Maize Parity Correlations

Introduction

The aim of this report is to investigate the correlations between the pairs (Safex YW, Zar) and (Safex YW, Cbot) as a function of the distance in Zar from Export Parity.

The plot below shows the evolution of Safex YW since 2007. The blue ribbon is the price range defined by export (bottom) and import (top) parity. When prices are at or below export parity we expect Safex YW to be highly correlated to Cbot. Here South African farmers can compete on the global markets. Similarly, when prices are at or above import parity we expect Safex YW to be highly correlated to Cbot. In this case South African farmers cannot compete with global markets since it is cheaper to import maize from abroad. For them to compete prices will have to follow Cbot. The correlations within the range of prices defined by the blue ribbon are less clear.

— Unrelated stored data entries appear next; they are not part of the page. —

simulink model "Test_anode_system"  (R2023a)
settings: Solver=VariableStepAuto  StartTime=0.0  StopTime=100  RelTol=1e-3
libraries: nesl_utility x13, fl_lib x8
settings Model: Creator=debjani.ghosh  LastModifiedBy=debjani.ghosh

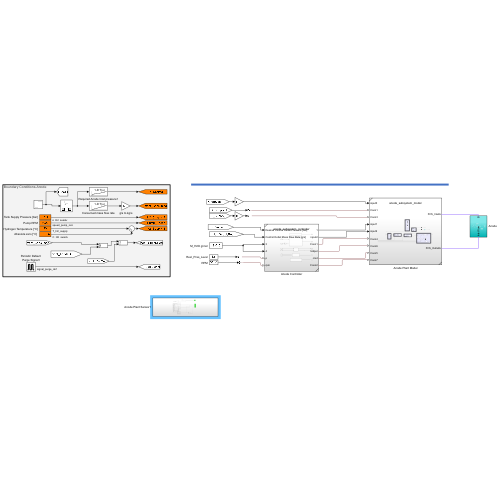
[thumbnail: Simulink's stored preview of the top-level diagram]
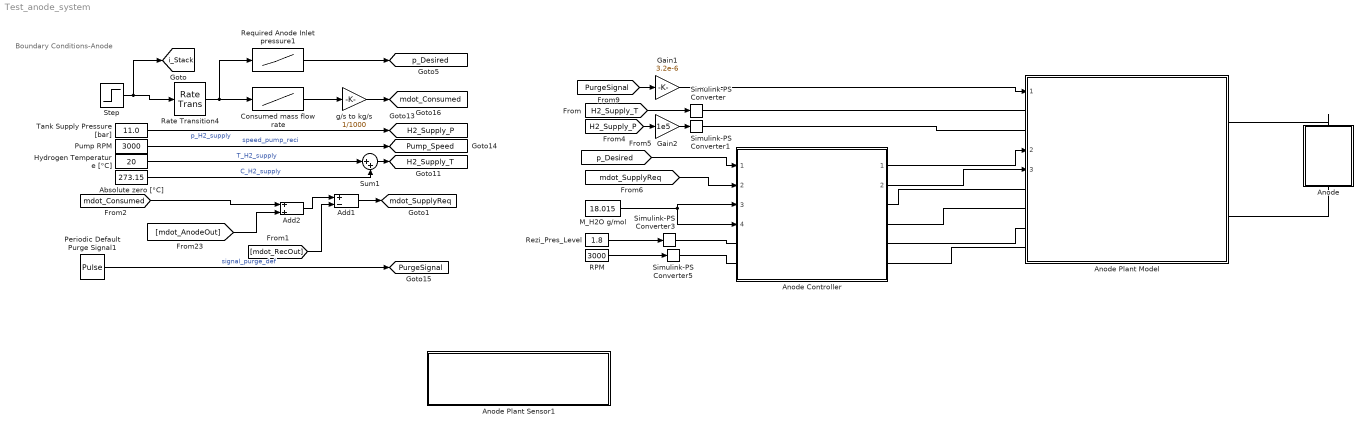
== system Test_anode_system ==
  note: Boundary Conditions-Anode
  "Absolute zero [°C] " : Constant  Value=273.15
  Add1 : Sum  Inputs=+-
  Add2 : Sum
  Anode : Subsystem  Tag=PublishSubsystem
  Anode Controller : Subsystem  ReferencedSubsystem=anode_subsystem_controller
  Anode Plant Model : Subsystem  ReferencedSubsystem=anode_subsystem_model
      settings: PortSchema="{\"entries\":[{\"content\":{\"sides\":[{\"content\":{\"connectorIds\":[\"In1\",\"LConn1\",\"LConn2\",\"In2\",\"In3\",\"LConn3\",\"LConn4\",\"LConn5\",\"LConn6\"]},\"type\":\"ConnectorPlacement.EquallySpacedRectSide\",\"uuid\":\"6d276737-1cfb-43f0-89a6-ca57f89f04f9\"},{\"content\":{\"connectorIds\":[\"RConn1\",\"RConn2\"],\"side\":\"RIGHT\"},\"type\":\"ConnectorPlacement.EquallySpacedRectSide\",\"uuid\":\"f7ce7b2b-f458-4a7d-a84b-f12d4a9a3d73\"},{\"content\":{\"side\":\"TOP\"},\"type\":\"ConnectorPlacement.EquallySpacedRectSide\",\"uuid\":\"f2759a84-f209-4626-aa5e-b52256180764\"}]},\"type\":\"ConnectorPlacement.EquallySpacedConnector\",\"uuid\":\"a55dce8e-c3c8-40fa-9a6a-dcd78737938e\"}],\"packageUris\":[\"http://schema.mathworks.com/mf0/Connector/R2020b\"],\"version\":\"1.0\"}"
  Anode Plant Sensor1 : Subsystem
  Consumed mass flow rate : Lookup_n-D  NumberOfTableDimensions=1  BreakpointsForDimension1=[0;20;100;200;300;400;500;600]  Table=[0;0.1;0.5;1;1.5;2;2.5;3]  InternalRulePriority=Speed  RndMeth=Simplest
  Gain1 : Gain  Gain=3.2e-6
  Gain2 : Gain  Gain=1e5
  Hydrogen Temperature [°C] : Constant  Value=20
  M_H2O g/mol : Constant  Value=18.015
  Periodic Default Purge Signal1 : DiscretePulseGenerator  PulseType=Time based  Period=3  PulseWidth=5
  Pump RPM : Constant  Value=3000
  RPM : Constant  Value=3000
  Rate Transition4 : RateTransition
  Required Anode Inlet pressure1 : Lookup_n-D  NumberOfTableDimensions=1  BreakpointsForDimension1=[0;20;100;200;300;400;500;600]  Table=[1;1.4;1.6;1.7;1.8;2;2.3;2.6]  InternalRulePriority=Speed  RndMeth=Simplest
  Rezi_Pres_Level : Constant  Value=1.8
  Simulink-PS Converter : nesl_utility/Simulink-PS Converter  PhysicalDomain=network_engine_domain  SubClassName=ps_input  LeftPortType=input  RightPortType=output  PseudoPeriodic=off  Frequencies=[]  NoiseDistribution=none  NoiseParameters=[]  Unit=K  AffineConversion=off  FilteringAndDerivatives=provide  SimscapeFilterOrder=1  InputFilterTimeConstant=0.001  UdotUserProvided=0
  Simulink-PS Converter1 : nesl_utility/Simulink-PS Converter  PhysicalDomain=network_engine_domain  SubClassName=ps_input  LeftPortType=input  RightPortType=output  PseudoPeriodic=off  Frequencies=[]  NoiseDistribution=none  NoiseParameters=[]  Unit=Pa  AffineConversion=off  FilteringAndDerivatives=provide  SimscapeFilterOrder=1  InputFilterTimeConstant=0.001  UdotUserProvided=0
  Simulink-PS Converter3 : nesl_utility/Simulink-PS Converter  PhysicalDomain=network_engine_domain  SubClassName=ps_input  LeftPortType=input  RightPortType=output  PseudoPeriodic=off  Frequencies=[]  NoiseDistribution=none  NoiseParameters=[]  Unit=1  AffineConversion=off  FilteringAndDerivatives=provide  SimscapeFilterOrder=1  InputFilterTimeConstant=0.001  UdotUserProvided=0
  Simulink-PS Converter5 : nesl_utility/Simulink-PS Converter  PhysicalDomain=network_engine_domain  SubClassName=ps_input  LeftPortType=input  RightPortType=output  PseudoPeriodic=off  Frequencies=[]  NoiseDistribution=none  NoiseParameters=[]  Unit=1  AffineConversion=off  FilteringAndDerivatives=provide  SimscapeFilterOrder=1  InputFilterTimeConstant=0.001  UdotUserProvided=0
  Step : Step  Time=50  Before=200  After=400  SampleTime=0
  Sum1 : Sum  Inputs=|++
  Tank Supply Pressure [bar] : Constant  Value=11.0
  g/s to kg/s : Gain  Gain=1/1000
  tag scope: H2_Supply_P=global, H2_Supply_T=global, Pump_Speed=global, PurgeSignal=global, i_Stack=global, mdot_Consumed=global, mdot_SupplyReq=global, p_Desired=global
  wires:
  Sum1/1 -> [H2_Supply_T]
  Gain1/1 -> Anode Plant Model/1
  [p_Desired] -> Anode Controller/1
  g/s to kg/s/1 -> [mdot_Consumed]
  [H2_Supply_T] -> Simulink-PS Converter/1
  "Absolute zero [°C] "/1 -> Sum1/2  "C_H2_supply"
  RPM/1 -> Simulink-PS Converter5/1
  Rezi_Pres_Level/1 -> Simulink-PS Converter3/1
  Periodic Default Purge Signal1/1 -> [PurgeSignal]  "signal_purge_def"
  Consumed mass flow rate/1 -> g/s to kg/s/1
  [PurgeSignal] -> Gain1/1
  [mdot_SupplyReq] -> Anode Controller/2
  [H2_Supply_P] -> Gain2/1
  Anode Controller/1 -> Anode Plant Model/2
  Gain2/1 -> Simulink-PS Converter1/1
  M_H2O g/mol/1 -> Anode Controller/3, Anode Controller/4
  Pump RPM/1 -> [Pump_Speed]  "speed_pump_reci"
  Rate Transition4/1 -> Required Anode Inlet pressure1/1, Consumed mass flow rate/1
  Required Anode Inlet pressure1/1 -> [p_Desired]
  Anode Controller/2 -> Anode Plant Model/3
  Tank Supply Pressure [bar]/1 -> [H2_Supply_P]  "p_H2_supply"
  Hydrogen Temperature [°C]/1 -> Sum1/1  "T_H2_supply"
  Step/1 -> [i_Stack], Rate Transition4/1
  [mdot_AnodeOut] -> Add2/2
  Add2/1 -> Add1/1
  [mdot_Consumed] -> Add2/1
  Add1/1 -> [mdot_SupplyReq]
  [mdot_RecOut] -> Add1/2
  connections:
  Simulink-PS Converter/RConn1 -- Anode Plant Model/LConn1
  Anode Plant Model/LConn6 -- Anode Controller/RConn4
  Anode Plant Model/LConn2 -- Simulink-PS Converter1/RConn1
  Anode Controller/RConn3 -- Anode Plant Model/LConn5
  Anode Controller/LConn1 -- Simulink-PS Converter3/RConn1
  Anode Controller/RConn2 -- Anode Plant Model/LConn4
  Anode Controller/RConn1 -- Anode Plant Model/LConn3
  Simulink-PS Converter5/RConn1 -- Anode Controller/LConn2
  Anode/LConn1 -- Anode Plant Model/RConn1
  Anode/RConn1 -- Anode Plant Model/RConn2

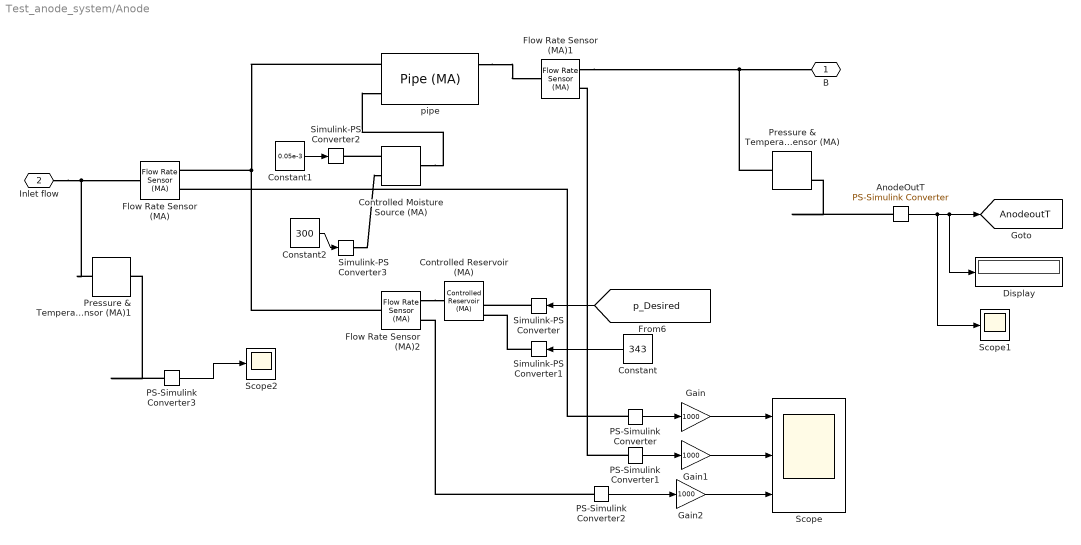
== system Test_anode_system/Anode ==
  AnodeOutT : nesl_utility/PS-Simulink Converter  PhysicalDomain=network_engine_domain  SubClassName=ps_output  LeftPortType=input  RightPortType=output  PseudoPeriodic=off  Frequencies=[]  VectorFormat=inherit  Unit=inherit  AffineConversion=off
  Constant : Constant  Value=343
  Constant1 : Constant  Value=0.05e-3
  Constant2 : Constant  Value=300
  Controlled Moisture Source (MA) : fl_lib/Moist Air/Sources/Moisture & Trace Gas Sources/Controlled Moisture Source (MA)  moisture_source_spec=foundation.enum.moisture_source_spec.vapor  Phi_S_specify=off  Phi_S_priority=None  Phi_S=0 kW  Phi_S_nominal_specify=off  Phi_S_nominal_unit=kW  Phi_S_nominal_value=1  mdot_w_S_specify=off  mdot_w_S_priority=None  mdot_w_S=0 kg/s  mdot_w_S_nominal_specify=off  mdot_w_S_nominal_unit=kg/s  mdot_w_S_nominal_value=1
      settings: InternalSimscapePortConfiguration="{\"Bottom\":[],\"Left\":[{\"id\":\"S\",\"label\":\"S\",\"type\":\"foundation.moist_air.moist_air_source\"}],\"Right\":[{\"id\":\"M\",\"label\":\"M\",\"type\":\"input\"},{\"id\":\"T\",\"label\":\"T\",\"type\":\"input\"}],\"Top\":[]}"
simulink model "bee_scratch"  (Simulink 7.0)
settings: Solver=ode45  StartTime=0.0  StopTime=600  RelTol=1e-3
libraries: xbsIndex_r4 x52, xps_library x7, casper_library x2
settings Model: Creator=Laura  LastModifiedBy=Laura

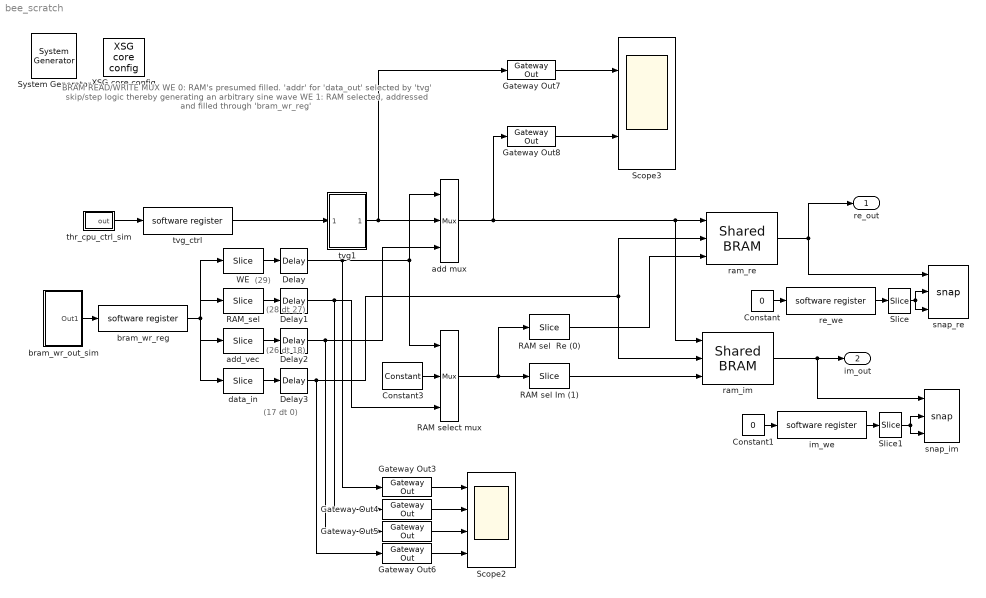
== system bee_scratch ==
  note: BRAM READ/WRITE MUX
      | WE 0: RAM's presumed filled.
      | 'addr' for 'data_out' selected
      | by 'tvg' skip/step logic thereby
      | generating an arbitrary sine wave
      | WE 1: RAM selected, addressed
      | and filled through
      | 'bram_wr_reg'
  note: (29)
  note: (28 dt 27)
  note: (17 dt 0)
  note: (26 dt 18)
  " System Generator" : xbsIndex_r4/ System Generator  Tag=genX  SystemSampleTime=-1  xilinxfamily=virtex2p  part=xc2vp70  speed=-7  package=ff1704  synthesis_tool=XST  clock_wrapper=Clock Enables  directory=./bee_scratch/sysgen  testbench=off  simulink_period=1  sysclk_period=5  dcm_input_clock_period=100  incr_netlist=off  trim_vbits=Everywhere in SubSystem  dbl_ovrd=According to Block Masks  core_generation=According to Block Masks  run_coregen=off  deprecated_control=off  eval_field=0  block_type=sysgen
      settings: block_version=10.1.2
  Constant : Constant  Value=0  OutDataType=sfix(16)  OutScaling=2^0
  Constant1 : Constant  Value=0  OutDataType=sfix(16)  OutScaling=2^0
  Constant3 : xbsIndex_r4/Constant  arith_type=Unsigned  const=0  n_bits=4  bin_pt=0  explicit_period=on  period=1  equ=P=C  opselect=C  inp2=PCIN>>17  opr=+  inp1=P  carry=CIN  dbl_ovrd=off  block_type=constant
      settings: block_version=10.1.2
  Delay{,1..3} (4 alike) : xbsIndex_r4/Delay  en=off  latency=1  dbl_ovrd=off  reg_retiming=off  block_type=delay
      settings: xl_area=[0, 0, 0, 0, 0, 0, 0]  block_version=10.1.2
  Gateway Out{3..8} (6 alike) : xbsIndex_r4/Gateway Out  hdl_port=on  timing_constraint=None  locs_specified=off  LOCs={}  block_type=gatewayout
      settings: infoedit="Gateway out block.  Converts Xilinx fixed point inputs into ouputs of type Simulink integer, double, or fixed point.<P><P>Hardware notes:  In hardware these blocks become top level output ports or are discarded, depending on how they are configured."  xl_area=[0, 0, 0, 0, 0, 0, 0]  block_version=10.1.2
  RAM sel  Re (0) : xbsIndex_r4/Slice  nbits=1  boolean_output=on  mode=Lower Bit Location + Width  bit1=0  base1=MSB of Input  bit0=0  base0=LSB of Input  dbl_ovrd=off  block_type=slice
      settings: infoedit="Extracts a given range of bits from each input sample and presents it at the output.  The output type is ordinarily unsigned with binary point at zero, but can be Boolean when the slice is one bit wide.<P><P>Hardware notes: In hardware this block costs nothing."  block_version=10.1.2
  RAM sel Im (1) : xbsIndex_r4/Slice  nbits=1  boolean_output=on  mode=Lower Bit Location + Width  bit1=0  base1=MSB of Input  bit0=1  base0=LSB of Input  dbl_ovrd=off  block_type=slice
      settings: infoedit="Extracts a given range of bits from each input sample and presents it at the output.  The output type is ordinarily unsigned with binary point at zero, but can be Boolean when the slice is one bit wide.<P><P>Hardware notes: In hardware this block costs nothing."  block_version=10.1.2
  RAM select mux : xbsIndex_r4/Mux  inputs=2  en=off  latency=0  precision=Full  arith_type="Signed  (2's comp)"  n_bits=8  bin_pt=2  quantization=Truncate  overflow=Wrap  dbl_ovrd=off  block_type=mux
      settings: xl_area=[0, 0, 0, 0, 0, 0, 0]  block_version=10.1.2
  RAM_sel : xbsIndex_r4/Slice  nbits=2  boolean_output=off  mode=Lower Bit Location + Width  bit1=10  base1=MSB of Input  bit0=27  base0=LSB of Input  dbl_ovrd=off  block_type=slice
      settings: infoedit="Extracts a given range of bits from each input sample and presents it at the output.  The output type is ordinarily unsigned with binary point at zero, but can be Boolean when the slice is one bit wide.<P><P>Hardware notes: In hardware this block costs nothing."  block_version=10.1.2
  Scope2 : Scope  NumInputPorts=4
      settings: YMin=-5~-5~-5~-5  YMax=5~5~5~5
  Scope3 : Scope  NumInputPorts=2
      settings: YMin=-5~-5  YMax=5~5  SaveName=ScopeData3
  Slice : xbsIndex_r4/Slice  nbits=1  boolean_output=on  mode=Lower Bit Location + Width  bit1=0  base1=MSB of Input  bit0=0  base0=LSB of Input  dbl_ovrd=off  block_type=slice
      settings: infoedit="Extracts a given range of bits from each input sample and presents it at the output.  The output type is ordinarily unsigned with binary point at zero, but can be Boolean when the slice is one bit wide.<P><P>Hardware notes: In hardware this block costs nothing."  block_version=10.1.2
  Slice1 : xbsIndex_r4/Slice  nbits=1  boolean_output=on  mode=Lower Bit Location + Width  bit1=0  base1=MSB of Input  bit0=0  base0=LSB of Input  dbl_ovrd=off  block_type=slice
      settings: infoedit="Extracts a given range of bits from each input sample and presents it at the output.  The output type is ordinarily unsigned with binary point at zero, but can be Boolean when the slice is one bit wide.<P><P>Hardware notes: In hardware this block costs nothing."  block_version=10.1.2
  WE : xbsIndex_r4/Slice  nbits=1  boolean_output=off  mode=Lower Bit Location + Width  bit1=10  base1=MSB of Input  bit0=29  base0=LSB of Input  dbl_ovrd=off  block_type=slice
      settings: infoedit="Extracts a given range of bits from each input sample and presents it at the output.  The output type is ordinarily unsigned with binary point at zero, but can be Boolean when the slice is one bit wide.<P><P>Hardware notes: In hardware this block costs nothing."  block_version=10.1.2
  XSG core config : xps_library/XSG core config  Tag=xps:xsg  SystemSampleTime=-1  hw_sys=BEE2_usr  ibob_linux=off  clk_src=usr_clk2x  gpio_clk_io_group=iBOB:sma  gpio_clk_bit_index=0  clk_rate=200  sample_period=1  synthesis_tool=XST  mpc_type=powerpc405
  add mux : xbsIndex_r4/Mux  inputs=2  en=off  latency=0  precision=Full  arith_type="Signed  (2's comp)"  n_bits=8  bin_pt=2  quantization=Truncate  overflow=Wrap  dbl_ovrd=off  block_type=mux
      settings: xl_area=[0, 0, 0, 0, 0, 0, 0]  block_version=10.1.2
  add_vec : xbsIndex_r4/Slice  nbits=9  boolean_output=off  mode=Lower Bit Location + Width  bit1=0  base1=MSB of Input  bit0=18  base0=LSB of Input  dbl_ovrd=off  block_type=slice
      settings: infoedit="Extracts a given range of bits from each input sample and presents it at the output.  The output type is ordinarily unsigned with binary point at zero, but can be Boolean when the slice is one bit wide.<P><P>Hardware notes: In hardware this block costs nothing."  block_version=10.1.2
  bram_wr_out_sim : Subsystem  mask{we_enable=0, ram_sel=3, add_vec=512, data_in=32}
      mask prompts: we_enable "Write enable"; ram_sel "RAM selector (1 = Re; 2 = Im; 3 = both)"; add_vec "RAM address"; data_in "Data in"
  bram_wr_reg : xps_library/software register  Tag=xps:sw_reg  SystemSampleTime=-1  io_dir=From Processor  arith_type=Unsigned  bitwidth=32  bin_pt=0  sample_period=1  gw_name=bee_scratch_bram_wr_reg_user_data_out
      link override bee_scratch_bram_wr_reg_user_data_out: arith_type=Unsigned  n_bits=32  bin_pt=0  period=1
      link override bee_scratch_data_in_mux_tvg_in_bram_wr_reg_user_data_out: arith_type=Unsigned  n_bits=32  bin_pt=0  period=1
      link override bee_scratch_tvg_bram_wr_reg_user_data_out: arith_type=Unsigned  n_bits=32  bin_pt=0  period=1
      link override bee_scratch_tvg_in_bram_wr_reg_user_data_out: arith_type=Unsigned  n_bits=32  bin_pt=0  period=1
      link override testblk_uu_data_in_mux_tvg_in_bram_wr_reg_user_data_out: arith_type=Unsigned  n_bits=32  bin_pt=0  period=1
  data_in : xbsIndex_r4/Slice  nbits=18  boolean_output=off  mode=Lower Bit Location + Width  bit1=0  base1=MSB of Input  bit0=0  base0=LSB of Input  dbl_ovrd=off  block_type=slice
      settings: infoedit="Extracts a given range of bits from each input sample and presents it at the output.  The output type is ordinarily unsigned with binary point at zero, but can be Boolean when the slice is one bit wide.<P><P>Hardware notes: In hardware this block costs nothing."  block_version=10.1.2
  im_we : xps_library/software register  Tag=xps:sw_reg  SystemSampleTime=-1  io_dir=From Processor  arith_type=Unsigned  bitwidth=32  bin_pt=0  sample_period=1  gw_name=bee_scratch_im_we_user_data_out
      link override bee_scratch_data_in_mux_tvg_in_im_we_user_data_out: arith_type=Unsigned  n_bits=32  bin_pt=0  period=1
      link override bee_scratch_im_we_user_data_out: arith_type=Unsigned  n_bits=32  bin_pt=0  period=1
      link override bee_scratch_tvg_im_we_user_data_out: arith_type=Unsigned  n_bits=32  bin_pt=0  period=1
      link override bee_scratch_tvg_in_im_we_user_data_out: arith_type=Unsigned  n_bits=32  bin_pt=0  period=1
      link override testblk_uu_data_in_mux_tvg_in_im_we_user_data_out: arith_type=Unsigned  n_bits=32  bin_pt=0  period=1
  ram_im : xps_library/Shared BRAM  Tag=xps:bram  SystemSampleTime=-1  arith_type="Signed  (2's comp)"  addr_width=11  data_width=32  data_bin_pt=0  init_vals=[1:2^11]  sample_rate=1
      link override bee_scratch_data_in_mux_tvg_in_ram_im_data_out: arith_type="Signed  (2's comp)"
      link override bee_scratch_ram_im_data_out: arith_type="Signed  (2's comp)"
      link override bee_scratch_tvg_in_ram_im_data_out: arith_type="Signed  (2's comp)"
      link override bee_scratch_tvg_ram_im_data_out: arith_type="Signed  (2's comp)"
      link override convert_din: arith_type="Signed  (2's comp)"
      link override mem/sim_data_in: arith_type="Signed  (2's comp)"
      link override testblk_uu_data_in_mux_tvg_in_ram_im_data_out: arith_type="Signed  (2's comp)"
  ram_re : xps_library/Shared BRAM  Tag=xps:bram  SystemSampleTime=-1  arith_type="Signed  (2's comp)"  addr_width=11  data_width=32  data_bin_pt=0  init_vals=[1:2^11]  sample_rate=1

In a similar vein we can explore the correlations between Zar and Safex YW. If the current price is at or above import parity it is cheaper to import maize from abroad. If the Zar strenghtens we have more buying power and can import more maize from abroad. In order for Safex YW to compete on the international markets the price has to decrease. If the Zar weakens we have less buying power and more incentive to make use of our local crop. This should drive Safex YW prices up. This gives a strong positive correlation for prices above import parity.

Suppose now that prices are at or below export parity. If the Zar weakens we can compete better in the export market, this should drive Safex YW prices up. If Zar strengthens we become less competitive on the international markets and Safex YW should decrease in order to compete. This again gives a strong positive correlation.

The plot below shows what we expect to see given the obove reasoning. For prices at or below export parity and prices at or above import parity we expect to see high correlations. As we move within the blue ribbon above correlations decrease.

The dataset consists of monthly price, currency and parity data. We divide the From Export Parity data into bins of width 100 Zar. Within each of these bins we determine the correlations between the pairs (Safex YW, Cbot) and (Safex YW, Zar). The results are shown in the following sections.

Safex YW vs Cbot

The plot below shows the Safex YW van Cbot correlations as a function of the price difference with respect to export parity. Notice the near perfect correlations at the low and high ends of the distance from export parity. The data shows a negative correlation for the intervals (-100, 200] and (1100, 1200]. This may be a result of lack of data in those intervals. The remainder of the plot agrees with our initial intuition.

Safex YW vs Zar

The plot below shows the correlations between Safex YW and Zar for the same buckets as the plot in the previous section. Notice that the left most data pint shows strong negative correlation. This point seems suspicious. It implies that when prices are deep under export parity a strengthening Zar gives rise to increasing Safex YW prices. This can be due to a lack of data in those buckets and should be taken with a grain of scepticism. The remainder of the plot agrees with our initial intuition.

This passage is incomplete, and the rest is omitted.